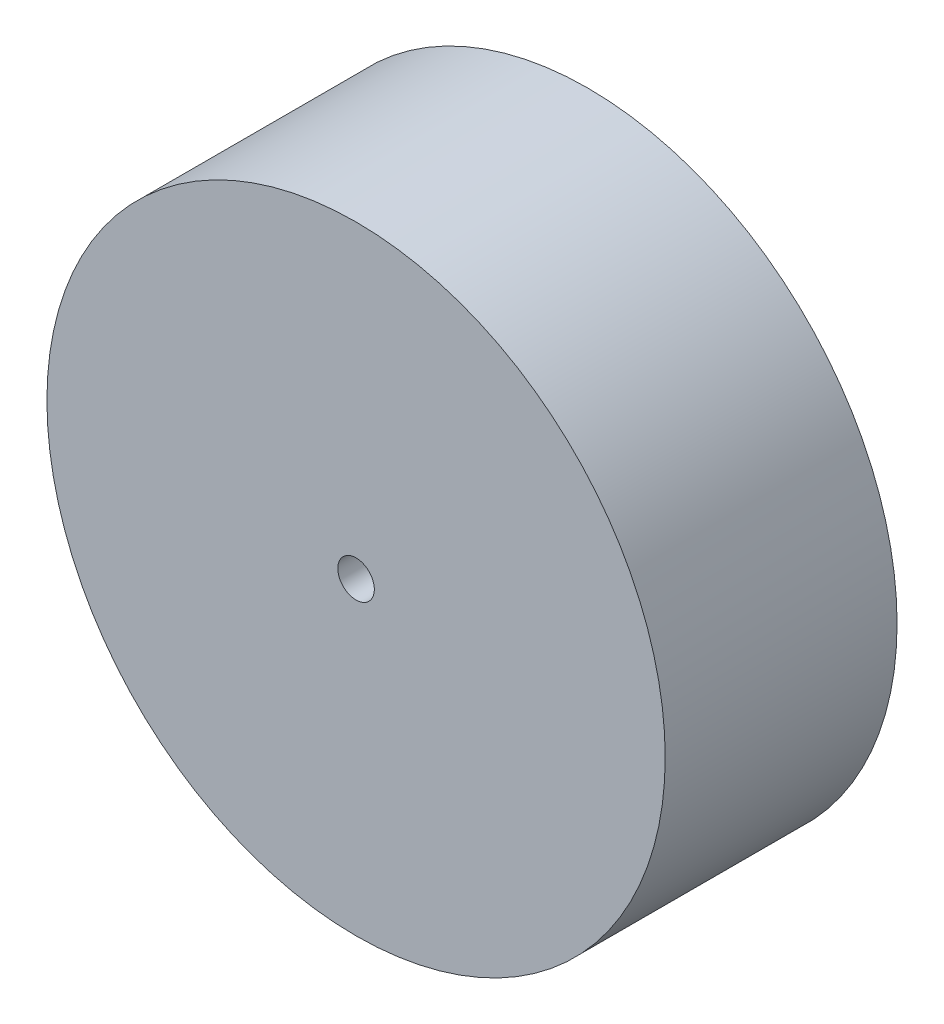
SolidWorks part; units mm, degrees
ref_plane "Front Plane" through (0, 0, 0) normal (0, 0, 1) x (1, 0, 0)
ref_plane "Top Plane" through (0, 0, 0) normal (0, 1, 0) x (1, 0, 0)
ref_plane "Right Plane" through (0, 0, 0) normal (1, 0, 0) x (0, 0, -1)
sketch "Sketch4" plane through (0, 0, 0) normal (0, 0, 1) x (1, 0, 0)
  circle A0 centre (0, 0) radius 25.4
  circle A1 centre (0, 0) radius 1.5
extrude "Boss-Extrude4" add sketch "Sketch4" along normal blind 19.05 contours A0
sketch "Sketch6" plane through (0, 0, 0) normal (0, 0, -1) x (-1, 0, 0)
  circle A0 centre (0, 0) radius 1.5
extrude "Cut-Extrude1" cut sketch "Sketch6" against normal blind 19.05
********
§ **Exercise details**
Give back exactly the lines that run from the line with "circle A1 centre (0, 0) radius 1.5" through the close of the material, counting both ends, and nothing more.

§ **Answer to this exercise**
  circle A1 centre (0, 0) radius 1.5
extrude "Boss-Extrude4" add sketch "Sketch4" along normal blind 19.05 contours A0
sketch "Sketch6" plane through (0, 0, 0) normal (0, 0, -1) x (-1, 0, 0)
  circle A0 centre (0, 0) radius 1.5
extrude "Cut-Extrude1" cut sketch "Sketch6" against normal blind 19.05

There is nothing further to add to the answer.